===== Supplied information

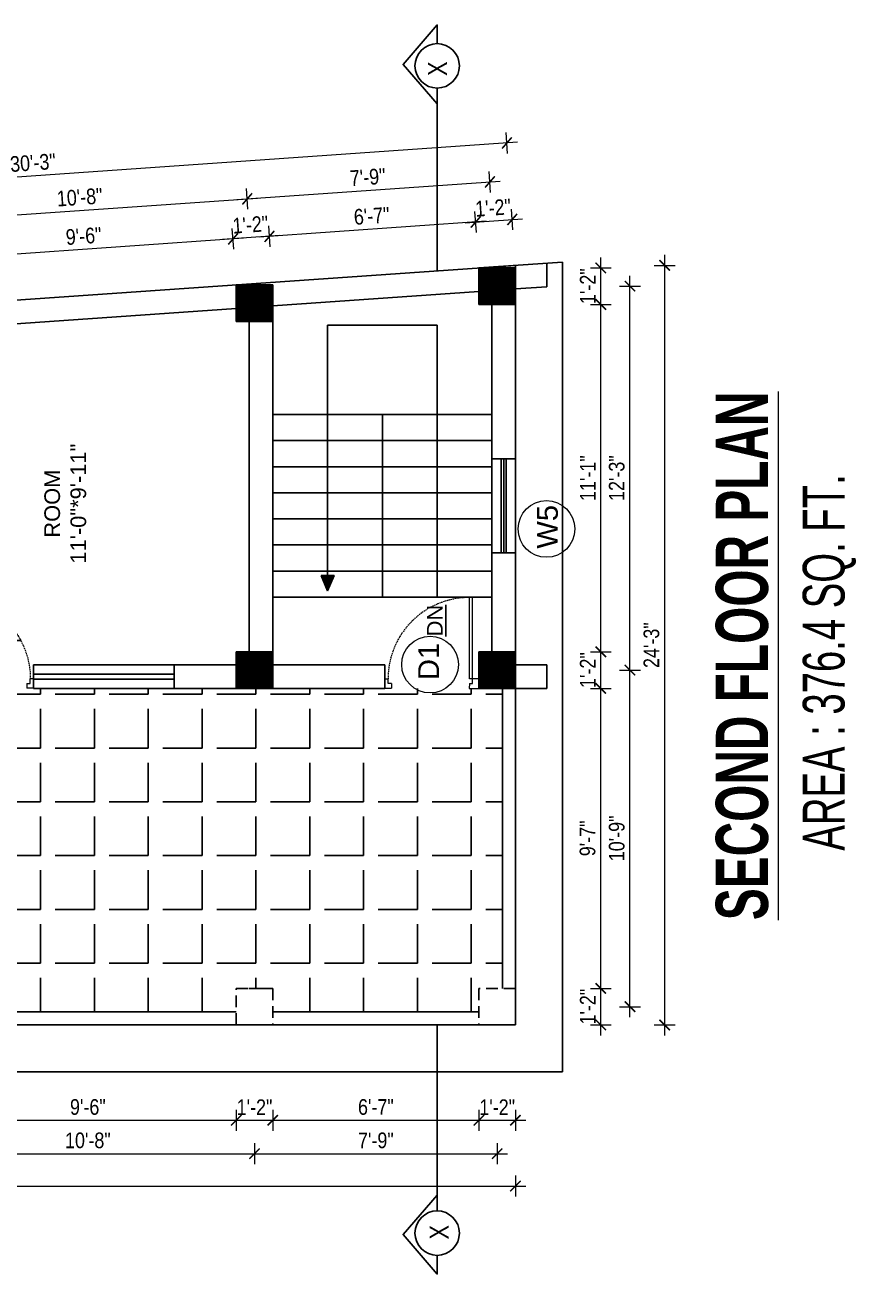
# Model space of a CAD drawing. Header units: inches. Extents: x -5096374 to -5070857, y -3259973 to -3243900.
# Drawn here: x -5079122.5 to -5078804, y -3257955.2 to -3257476.5 of the extents above; entities that cross this region are included whole.
import ezdxf

# ---------------------------------------------------------------- set-up
doc = ezdxf.new("R2010")
doc.units = ezdxf.units.IN
doc.header["$LTSCALE"] = 2
doc.header["$MEASUREMENT"] = 0
doc.header["$PDMODE"] = 34
doc.linetypes.add('HIDDEN', pattern=[0.375, 0.25, -0.125])
doc.layers.get('0').update_dxf_attribs({"linetype": 'CONTINUOUS'})
doc.layers.get('DEFPOINTS').update_dxf_attribs({"color": 141, "linetype": 'CONTINUOUS'})
doc.layers.add('A-Hatch', color=7, linetype='CONTINUOUS')
for name, color, linetype, lineweight in [('Annotate-Lite.w', 177, 'CONTINUOUS', 9), ('DIM 1-100', 4, 'CONTINUOUS', 13), ('Door-Window.w', 4, 'CONTINUOUS', 15), ('TEXT', 181, 'CONTINUOUS', 25), ('Text-100.w', 254, 'CONTINUOUS', 9)]:
    doc.layers.add(name, color=color, linetype=linetype, lineweight=lineweight)
doc.styles.add('ARAIL', font='ARIALN.TTF')
doc.styles.add('Arial', font='arial.ttf', dxfattribs={"width": 0.8, "height": 12})
doc.styles.add('arial.', font='arial.ttf')
doc.styles.add('gaurav', font='arial.ttf')
doc.styles.get("Standard").update_dxf_attribs({"font": 'ARIALN.TTF'})
doc.dimstyles.new('1 by 96', dxfattribs={"dimtxt": 6, "dimasz": 4, "dimexe": 4, "dimexo": 4, "dimgap": 2, "dimtad": 1, "dimdec": 0, "dimzin": 0, "dimdsep": 46, "dimlunit": 4, "dimtxsty": 'Standard', "dimblk": 'ARCHTICK', "dimcen": 0, "dimdle": 4, "dimadec": 0, "dimazin": 0, "dimtfac": 1, "dimtdec": 0, "dimtix": 1, "dimtofl": 0, "dimtmove": 1, "dimatfit": 3, "dimldrblk": 'ARCHTICK', "dimfxl": 4, "dimfxlon": 1, "dimtolj": 1, "dimtzin": 0, "dimlwd": -1, "dimlwe": -1, "dimarcsym": 0})
pattern_1 = [(135, (-8337742.75326, 1832902.12508), (-0.0883883476483, -0.0883883476483), [])]

# ---------------------------------------------------------------- blocks, each defined once
blk = doc.blocks.new('3-0')
at = {"ltscale": 3}
for p, q in [((11063.05, 10097.68), (11065.97, 10099.9)), ((11065.25, 10097.81), (11066.71, 10098.92)), ((11065.97, 10099.9), (11066.71, 10098.92)), ((11063.05, 10097.68), (11064.53, 10095.73)), ((11065.99, 10096.84), (11064.53, 10095.73)), ((11065.99, 10096.84), (11065.25, 10097.81)), ((11085.5, 10074.13), (11110.32, 10092.96)), ((11086.24, 10073.15), (11111.05, 10091.97)), ((11111.05, 10091.97), (11110.32, 10092.96)), ((11084.04, 10073.02), (11082.57, 10071.91)), ((11082.57, 10071.91), (11084.79, 10068.98)), ((11084.04, 10073.02), (11084.78, 10072.04)), ((11084.78, 10072.04), (11086.24, 10073.15)), ((11084.79, 10068.98), (11087.72, 10071.2)), ((11086.24, 10073.15), (11085.5, 10074.13)), ((11087.72, 10071.2), (11086.24, 10073.15))]:
    blk.add_line(p, q, dxfattribs=at)
at = {"layer": 'Door-Window.w', "color": 9, "linetype": 'HIDDEN', "lineweight": 18}
blk.add_arc((11085.5, 10074.13), 31.16, 37.1906, 127.1465, dxfattribs=at)
blk = doc.blocks.new('_ArchTick')
at = {"color": 0, "linetype": 'ByBlock', "const_width": 0.15}
blk.add_lwpolyline([(-0.5, -0.5), (0.5, 0.5)], dxfattribs=at)
blk = doc.blocks.new('*D898')
at = {"layer": 'DEFPOINTS', "color": 0, "ltscale": 0.5, "transparency": 16777216}
for p in [(-5079155.28, -3257859.73), (-5079041.52, -3257859.73), (-5079041.52, -3257896.28)]:
    blk.add_point(p, dxfattribs=at)
at = {"layer": 'DIM 1-100', "color": 0, "ltscale": 0.5, "transparency": 16777216}
for p, q in [((-5079155.28, -3257892.28), (-5079155.28, -3257900.28)), ((-5079041.52, -3257892.28), (-5079041.52, -3257900.28)), ((-5079159.28, -3257896.28), (-5079037.52, -3257896.28))]:
    blk.add_line(p, q, dxfattribs=at)
at = {"layer": 'DIM 1-100', "color": 0, "ltscale": 0.5, "transparency": 16777216, "xscale": 4, "yscale": 4, "zscale": 4, "rotation": 180}
blk.add_blockref('_ArchTick', (-5079155.28, -3257896.28), dxfattribs=at)
at = {"layer": 'DIM 1-100', "color": 0, "ltscale": 0.5, "transparency": 16777216, "xscale": 4, "yscale": 4, "zscale": 4}
blk.add_blockref('_ArchTick', (-5079041.52, -3257896.28), dxfattribs=at)
at = {"layer": 'DIM 1-100', "color": 0, "ltscale": 0.5, "transparency": 16777216, "insert": (-5079098.4, -3257891.22), "char_height": 6, "attachment_point": 5}
blk.add_mtext('\\A1;9\'-6"', dxfattribs=at)
blk = doc.blocks.new('*D899')
at = {"layer": 'DEFPOINTS', "color": 0, "ltscale": 0.5, "transparency": 16777216}
for p in [(-5079041.52, -3257859.73), (-5079027.52, -3257859.73), (-5079027.52, -3257896.28)]:
    blk.add_point(p, dxfattribs=at)
at = {"layer": 'DIM 1-100', "color": 0, "ltscale": 0.5, "transparency": 16777216}
for p, q in [((-5079041.52, -3257892.28), (-5079041.52, -3257900.28)), ((-5079027.52, -3257892.28), (-5079027.52, -3257900.28)), ((-5079045.52, -3257896.28), (-5079023.52, -3257896.28))]:
    blk.add_line(p, q, dxfattribs=at)
at = {"layer": 'DIM 1-100', "color": 0, "ltscale": 0.5, "transparency": 16777216, "xscale": 4, "yscale": 4, "zscale": 4, "rotation": 180}
blk.add_blockref('_ArchTick', (-5079041.52, -3257896.28), dxfattribs=at)
at = {"layer": 'DIM 1-100', "color": 0, "ltscale": 0.5, "transparency": 16777216, "xscale": 4, "yscale": 4, "zscale": 4}
blk.add_blockref('_ArchTick', (-5079027.52, -3257896.28), dxfattribs=at)
at = {"layer": 'DIM 1-100', "color": 0, "ltscale": 0.5, "transparency": 16777216, "insert": (-5079034.52, -3257891.27), "char_height": 6, "attachment_point": 5}
blk.add_mtext('\\A1;1\'-2"', dxfattribs=at)
blk = doc.blocks.new('*D900')
at = {"layer": 'DEFPOINTS', "color": 0, "ltscale": 0.5, "transparency": 16777216}
for p in [(-5079027.52, -3257859.73), (-5078948.52, -3257859.73), (-5078948.52, -3257896.28)]:
    blk.add_point(p, dxfattribs=at)
at = {"layer": 'DIM 1-100', "color": 0, "ltscale": 0.5, "transparency": 16777216}
for p, q in [((-5079027.52, -3257892.28), (-5079027.52, -3257900.28)), ((-5078948.52, -3257892.28), (-5078948.52, -3257900.28)), ((-5079031.52, -3257896.28), (-5078944.52, -3257896.28))]:
    blk.add_line(p, q, dxfattribs=at)
at = {"layer": 'DIM 1-100', "color": 0, "ltscale": 0.5, "transparency": 16777216, "xscale": 4, "yscale": 4, "zscale": 4, "rotation": 180}
blk.add_blockref('_ArchTick', (-5079027.52, -3257896.28), dxfattribs=at)
at = {"layer": 'DIM 1-100', "color": 0, "ltscale": 0.5, "transparency": 16777216, "xscale": 4, "yscale": 4, "zscale": 4}
blk.add_blockref('_ArchTick', (-5078948.52, -3257896.28), dxfattribs=at)
at = {"layer": 'DIM 1-100', "color": 0, "ltscale": 0.5, "transparency": 16777216, "insert": (-5078988.02, -3257891.22), "char_height": 6, "attachment_point": 5}
blk.add_mtext('\\A1;6\'-7"', dxfattribs=at)
blk = doc.blocks.new('*D901')
at = {"layer": 'DEFPOINTS', "color": 0, "ltscale": 0.5, "transparency": 16777216}
for p in [(-5078948.52, -3257859.73), (-5078934.52, -3257859.73), (-5078934.52, -3257896.28)]:
    blk.add_point(p, dxfattribs=at)
at = {"layer": 'DIM 1-100', "color": 0, "ltscale": 0.5, "transparency": 16777216}
for p, q in [((-5078948.52, -3257892.28), (-5078948.52, -3257900.28)), ((-5078934.52, -3257892.28), (-5078934.52, -3257900.28)), ((-5078952.52, -3257896.28), (-5078930.52, -3257896.28))]:
    blk.add_line(p, q, dxfattribs=at)
at = {"layer": 'DIM 1-100', "color": 0, "ltscale": 0.5, "transparency": 16777216, "xscale": 4, "yscale": 4, "zscale": 4, "rotation": 180}
blk.add_blockref('_ArchTick', (-5078948.52, -3257896.28), dxfattribs=at)
at = {"layer": 'DIM 1-100', "color": 0, "ltscale": 0.5, "transparency": 16777216, "xscale": 4, "yscale": 4, "zscale": 4}
blk.add_blockref('_ArchTick', (-5078934.52, -3257896.28), dxfattribs=at)
at = {"layer": 'DIM 1-100', "color": 0, "ltscale": 0.5, "transparency": 16777216, "insert": (-5078941.52, -3257891.27), "char_height": 6, "attachment_point": 5}
blk.add_mtext('\\A1;1\'-2"', dxfattribs=at)
blk = doc.blocks.new('*D903')
at = {"layer": 'DEFPOINTS', "color": 0, "ltscale": 0.5, "transparency": 16777216}
for p in [(-5079162.28, -3257852.73), (-5079034.52, -3257852.73), (-5079034.52, -3257909.08)]:
    blk.add_point(p, dxfattribs=at)
at = {"layer": 'DIM 1-100', "color": 0, "ltscale": 0.5, "transparency": 16777216}
for p, q in [((-5079166.28, -3257909.08), (-5079030.52, -3257909.08)), ((-5079162.28, -3257905.08), (-5079162.28, -3257913.08)), ((-5079034.52, -3257905.08), (-5079034.52, -3257913.08))]:
    blk.add_line(p, q, dxfattribs=at)
at = {"layer": 'DIM 1-100', "color": 0, "ltscale": 0.5, "transparency": 16777216, "xscale": 4, "yscale": 4, "zscale": 4, "rotation": 180}
blk.add_blockref('_ArchTick', (-5079162.28, -3257909.08), dxfattribs=at)
at = {"layer": 'DIM 1-100', "color": 0, "ltscale": 0.5, "transparency": 16777216, "xscale": 4, "yscale": 4, "zscale": 4}
blk.add_blockref('_ArchTick', (-5079034.52, -3257909.08), dxfattribs=at)
at = {"layer": 'DIM 1-100', "color": 0, "ltscale": 0.5, "transparency": 16777216, "insert": (-5079098.4, -3257904.01), "char_height": 6, "attachment_point": 5}
blk.add_mtext('\\A1;10\'-8"', dxfattribs=at)
blk = doc.blocks.new('*D904')
at = {"layer": 'DEFPOINTS', "color": 0, "ltscale": 0.5, "transparency": 16777216}
for p in [(-5079034.52, -3257852.73), (-5078941.52, -3257852.73), (-5078941.52, -3257909.08)]:
    blk.add_point(p, dxfattribs=at)
at = {"layer": 'DIM 1-100', "color": 0, "ltscale": 0.5, "transparency": 16777216}
for p, q in [((-5079038.52, -3257909.08), (-5078937.52, -3257909.08)), ((-5079034.52, -3257905.08), (-5079034.52, -3257913.08)), ((-5078941.52, -3257905.08), (-5078941.52, -3257913.08))]:
    blk.add_line(p, q, dxfattribs=at)
at = {"layer": 'DIM 1-100', "color": 0, "ltscale": 0.5, "transparency": 16777216, "xscale": 4, "yscale": 4, "zscale": 4, "rotation": 180}
blk.add_blockref('_ArchTick', (-5079034.52, -3257909.08), dxfattribs=at)
at = {"layer": 'DIM 1-100', "color": 0, "ltscale": 0.5, "transparency": 16777216, "xscale": 4, "yscale": 4, "zscale": 4}
blk.add_blockref('_ArchTick', (-5078941.52, -3257909.08), dxfattribs=at)
at = {"layer": 'DIM 1-100', "color": 0, "ltscale": 0.5, "transparency": 16777216, "insert": (-5078988.02, -3257904.01), "char_height": 6, "attachment_point": 5}
blk.add_mtext('\\A1;7\'-9"', dxfattribs=at)
blk = doc.blocks.new('*D905')
at = {"layer": 'DEFPOINTS', "color": 0, "ltscale": 0.5, "transparency": 16777216}
for p in [(-5079337.28, -3257859.73), (-5078934.52, -3257859.73), (-5078934.52, -3257921.5)]:
    blk.add_point(p, dxfattribs=at)
at = {"layer": 'DIM 1-100', "color": 0, "ltscale": 0.5, "transparency": 16777216}
for p, q in [((-5079337.28, -3257917.5), (-5079337.28, -3257925.5)), ((-5078934.52, -3257917.5), (-5078934.52, -3257925.5)), ((-5079341.28, -3257921.5), (-5078930.52, -3257921.5))]:
    blk.add_line(p, q, dxfattribs=at)
at = {"layer": 'DIM 1-100', "color": 0, "ltscale": 0.5, "transparency": 16777216, "xscale": 4, "yscale": 4, "zscale": 4, "rotation": 180}
blk.add_blockref('_ArchTick', (-5079337.28, -3257921.5), dxfattribs=at)
at = {"layer": 'DIM 1-100', "color": 0, "ltscale": 0.5, "transparency": 16777216, "xscale": 4, "yscale": 4, "zscale": 4}
blk.add_blockref('_ArchTick', (-5078934.52, -3257921.5), dxfattribs=at)
at = {"layer": 'DIM 1-100', "color": 0, "ltscale": 0.5, "transparency": 16777216, "insert": (-5079135.9, -3257916.44), "char_height": 6, "attachment_point": 5}
blk.add_mtext('\\A1;33\'-7"', dxfattribs=at)
blk = doc.blocks.new('*D910')
at = {"layer": 'DEFPOINTS', "color": 0, "ltscale": 0.5, "transparency": 16777216}
for p in [(-5078934.52, -3257845.73), (-5078901.82, -3257845.73), (-5078934.52, -3257859.73)]:
    blk.add_point(p, dxfattribs=at)
at = {"layer": 'DIM 1-100', "color": 0, "ltscale": 0.5, "transparency": 16777216}
for p, q in [((-5078901.82, -3257863.73), (-5078901.82, -3257841.73)), ((-5078905.82, -3257845.73), (-5078897.82, -3257845.73)), ((-5078905.82, -3257859.73), (-5078897.82, -3257859.73))]:
    blk.add_line(p, q, dxfattribs=at)
at = {"layer": 'DIM 1-100', "color": 0, "ltscale": 0.5, "transparency": 16777216, "xscale": 4, "yscale": 4, "zscale": 4}
for p, rotation in [((-5078901.82, -3257845.73), 90), ((-5078901.82, -3257859.73), 270)]:
    blk.add_blockref('_ArchTick', p, dxfattribs=dict(at, rotation=rotation))
at = {"layer": 'DIM 1-100', "color": 0, "ltscale": 0.5, "transparency": 16777216, "insert": (-5078906.83, -3257852.73), "char_height": 6, "attachment_point": 5, "rotation": 90}
blk.add_mtext('\\A1;1\'-2"', dxfattribs=at)
blk = doc.blocks.new('*D911')
at = {"layer": 'DEFPOINTS', "color": 0, "ltscale": 0.5, "transparency": 16777216}
for p in [(-5078934.52, -3257730.73), (-5078901.82, -3257730.73), (-5078934.52, -3257845.73)]:
    blk.add_point(p, dxfattribs=at)
at = {"layer": 'DIM 1-100', "color": 0, "ltscale": 0.5, "transparency": 16777216}
for p, q in [((-5078901.82, -3257849.73), (-5078901.82, -3257726.73)), ((-5078905.82, -3257730.73), (-5078897.82, -3257730.73)), ((-5078905.82, -3257845.73), (-5078897.82, -3257845.73))]:
    blk.add_line(p, q, dxfattribs=at)
at = {"layer": 'DIM 1-100', "color": 0, "ltscale": 0.5, "transparency": 16777216, "xscale": 4, "yscale": 4, "zscale": 4}
for p, rotation in [((-5078901.82, -3257730.73), 90), ((-5078901.82, -3257845.73), 270)]:
    blk.add_blockref('_ArchTick', p, dxfattribs=dict(at, rotation=rotation))
at = {"layer": 'DIM 1-100', "color": 0, "ltscale": 0.5, "transparency": 16777216, "insert": (-5078906.88, -3257788.23), "char_height": 6, "attachment_point": 5, "rotation": 90}
blk.add_mtext('\\A1;9\'-7"', dxfattribs=at)
blk = doc.blocks.new('*D912')
at = {"layer": 'DEFPOINTS', "color": 0, "ltscale": 0.5, "transparency": 16777216}
for p in [(-5078934.52, -3257716.73), (-5078901.82, -3257716.73), (-5078934.52, -3257730.73)]:
    blk.add_point(p, dxfattribs=at)
at = {"layer": 'DIM 1-100', "color": 0, "ltscale": 0.5, "transparency": 16777216}
for p, q in [((-5078901.82, -3257734.73), (-5078901.82, -3257712.73)), ((-5078905.82, -3257716.73), (-5078897.82, -3257716.73)), ((-5078905.82, -3257730.73), (-5078897.82, -3257730.73))]:
    blk.add_line(p, q, dxfattribs=at)
at = {"layer": 'DIM 1-100', "color": 0, "ltscale": 0.5, "transparency": 16777216, "xscale": 4, "yscale": 4, "zscale": 4}
for p, rotation in [((-5078901.82, -3257716.73), 90), ((-5078901.82, -3257730.73), 270)]:
    blk.add_blockref('_ArchTick', p, dxfattribs=dict(at, rotation=rotation))
at = {"layer": 'DIM 1-100', "color": 0, "ltscale": 0.5, "transparency": 16777216, "insert": (-5078906.83, -3257723.73), "char_height": 6, "attachment_point": 5, "rotation": 90}
blk.add_mtext('\\A1;1\'-2"', dxfattribs=at)
blk = doc.blocks.new('*D913')
at = {"layer": 'DEFPOINTS', "color": 0, "ltscale": 0.5, "transparency": 16777216}
for p in [(-5078934.52, -3257583.58), (-5078901.82, -3257583.58), (-5078934.52, -3257716.73)]:
    blk.add_point(p, dxfattribs=at)
at = {"layer": 'DIM 1-100', "color": 0, "ltscale": 0.5, "transparency": 16777216}
for p, q in [((-5078905.82, -3257583.58), (-5078897.82, -3257583.58)), ((-5078901.82, -3257720.73), (-5078901.82, -3257579.58)), ((-5078905.82, -3257716.73), (-5078897.82, -3257716.73))]:
    blk.add_line(p, q, dxfattribs=at)
at = {"layer": 'DIM 1-100', "color": 0, "ltscale": 0.5, "transparency": 16777216, "xscale": 4, "yscale": 4, "zscale": 4}
for p, rotation in [((-5078901.82, -3257583.58), 90), ((-5078901.82, -3257716.73), 270)]:
    blk.add_blockref('_ArchTick', p, dxfattribs=dict(at, rotation=rotation))
at = {"layer": 'DIM 1-100', "color": 0, "ltscale": 0.5, "transparency": 16777216, "insert": (-5078906.83, -3257650.15), "char_height": 6, "attachment_point": 5, "rotation": 90}
blk.add_mtext('\\A1;11\'-1"', dxfattribs=at)
blk = doc.blocks.new('*D914')
at = {"layer": 'DEFPOINTS', "color": 0, "ltscale": 0.5, "transparency": 16777216}
for p in [(-5078934.52, -3257569.58), (-5078901.82, -3257569.58), (-5078934.52, -3257583.58)]:
    blk.add_point(p, dxfattribs=at)
at = {"layer": 'DIM 1-100', "color": 0, "ltscale": 0.5, "transparency": 16777216}
for p, q in [((-5078905.82, -3257569.58), (-5078897.82, -3257569.58)), ((-5078901.82, -3257587.58), (-5078901.82, -3257565.58)), ((-5078905.82, -3257583.58), (-5078897.82, -3257583.58))]:
    blk.add_line(p, q, dxfattribs=at)
at = {"layer": 'DIM 1-100', "color": 0, "ltscale": 0.5, "transparency": 16777216, "xscale": 4, "yscale": 4, "zscale": 4}
for p, rotation in [((-5078901.82, -3257569.58), 90), ((-5078901.82, -3257583.58), 270)]:
    blk.add_blockref('_ArchTick', p, dxfattribs=dict(at, rotation=rotation))
at = {"layer": 'DIM 1-100', "color": 0, "ltscale": 0.5, "transparency": 16777216, "insert": (-5078906.83, -3257576.58), "char_height": 6, "attachment_point": 5, "rotation": 90}
blk.add_mtext('\\A1;1\'-2"', dxfattribs=at)
blk = doc.blocks.new('*D915')
at = {"layer": 'DEFPOINTS', "color": 0, "ltscale": 0.5, "transparency": 16777216}
for p in [(-5078941.52, -3257723.73), (-5078890.63, -3257723.73), (-5078941.52, -3257852.73)]:
    blk.add_point(p, dxfattribs=at)
at = {"layer": 'DIM 1-100', "color": 0, "ltscale": 0.5, "transparency": 16777216}
for p, q in [((-5078890.63, -3257856.73), (-5078890.63, -3257719.73)), ((-5078894.63, -3257723.73), (-5078886.63, -3257723.73)), ((-5078894.63, -3257852.73), (-5078886.63, -3257852.73))]:
    blk.add_line(p, q, dxfattribs=at)
at = {"layer": 'DIM 1-100', "color": 0, "ltscale": 0.5, "transparency": 16777216, "xscale": 4, "yscale": 4, "zscale": 4}
for p, rotation in [((-5078890.63, -3257723.73), 90), ((-5078890.63, -3257852.73), 270)]:
    blk.add_blockref('_ArchTick', p, dxfattribs=dict(at, rotation=rotation))
at = {"layer": 'DIM 1-100', "color": 0, "ltscale": 0.5, "transparency": 16777216, "insert": (-5078895.69, -3257788.23), "char_height": 6, "attachment_point": 5, "rotation": 90}
blk.add_mtext('\\A1;10\'-9"', dxfattribs=at)
blk = doc.blocks.new('*D916')
at = {"layer": 'DEFPOINTS', "color": 0, "ltscale": 0.5, "transparency": 16777216}
for p in [(-5078941.52, -3257576.58), (-5078890.63, -3257576.58), (-5078941.52, -3257723.73)]:
    blk.add_point(p, dxfattribs=at)
at = {"layer": 'DIM 1-100', "color": 0, "ltscale": 0.5, "transparency": 16777216}
for p, q in [((-5078890.63, -3257727.73), (-5078890.63, -3257572.58)), ((-5078894.63, -3257576.58), (-5078886.63, -3257576.58)), ((-5078894.63, -3257723.73), (-5078886.63, -3257723.73))]:
    blk.add_line(p, q, dxfattribs=at)
at = {"layer": 'DIM 1-100', "color": 0, "ltscale": 0.5, "transparency": 16777216, "xscale": 4, "yscale": 4, "zscale": 4}
for p, rotation in [((-5078890.63, -3257576.58), 90), ((-5078890.63, -3257723.73), 270)]:
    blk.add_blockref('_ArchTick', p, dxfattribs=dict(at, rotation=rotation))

==========

Activity.
Your reply should consist solely of the lines above, from the opening line through the line with "(-0.0883883476483, -0.0883883476483), [])]", reproduced exactly and without pictures.

Expected answer.
# Model space of a CAD drawing. Header units: inches. Extents: x -5096374 to -5070857, y -3259973 to -3243900.
# Drawn here: x -5079122.5 to -5078804, y -3257955.2 to -3257476.5 of the extents above; entities that cross this region are included whole.
import ezdxf

# ---------------------------------------------------------------- set-up
doc = ezdxf.new("R2010")
doc.units = ezdxf.units.IN
doc.header["$LTSCALE"] = 2
doc.header["$MEASUREMENT"] = 0
doc.header["$PDMODE"] = 34
doc.linetypes.add('HIDDEN', pattern=[0.375, 0.25, -0.125])
doc.layers.get('0').update_dxf_attribs({"linetype": 'CONTINUOUS'})
doc.layers.get('DEFPOINTS').update_dxf_attribs({"color": 141, "linetype": 'CONTINUOUS'})
doc.layers.add('A-Hatch', color=7, linetype='CONTINUOUS')
for name, color, linetype, lineweight in [('Annotate-Lite.w', 177, 'CONTINUOUS', 9), ('DIM 1-100', 4, 'CONTINUOUS', 13), ('Door-Window.w', 4, 'CONTINUOUS', 15), ('TEXT', 181, 'CONTINUOUS', 25), ('Text-100.w', 254, 'CONTINUOUS', 9)]:
    doc.layers.add(name, color=color, linetype=linetype, lineweight=lineweight)
doc.styles.add('ARAIL', font='ARIALN.TTF')
doc.styles.add('Arial', font='arial.ttf', dxfattribs={"width": 0.8, "height": 12})
doc.styles.add('arial.', font='arial.ttf')
doc.styles.add('gaurav', font='arial.ttf')
doc.styles.get("Standard").update_dxf_attribs({"font": 'ARIALN.TTF'})
doc.dimstyles.new('1 by 96', dxfattribs={"dimtxt": 6, "dimasz": 4, "dimexe": 4, "dimexo": 4, "dimgap": 2, "dimtad": 1, "dimdec": 0, "dimzin": 0, "dimdsep": 46, "dimlunit": 4, "dimtxsty": 'Standard', "dimblk": 'ARCHTICK', "dimcen": 0, "dimdle": 4, "dimadec": 0, "dimazin": 0, "dimtfac": 1, "dimtdec": 0, "dimtix": 1, "dimtofl": 0, "dimtmove": 1, "dimatfit": 3, "dimldrblk": 'ARCHTICK', "dimfxl": 4, "dimfxlon": 1, "dimtolj": 1, "dimtzin": 0, "dimlwd": -1, "dimlwe": -1, "dimarcsym": 0})
pattern_1 = [(135, (-8337742.75326, 1832902.12508), (-0.0883883476483, -0.0883883476483), [])]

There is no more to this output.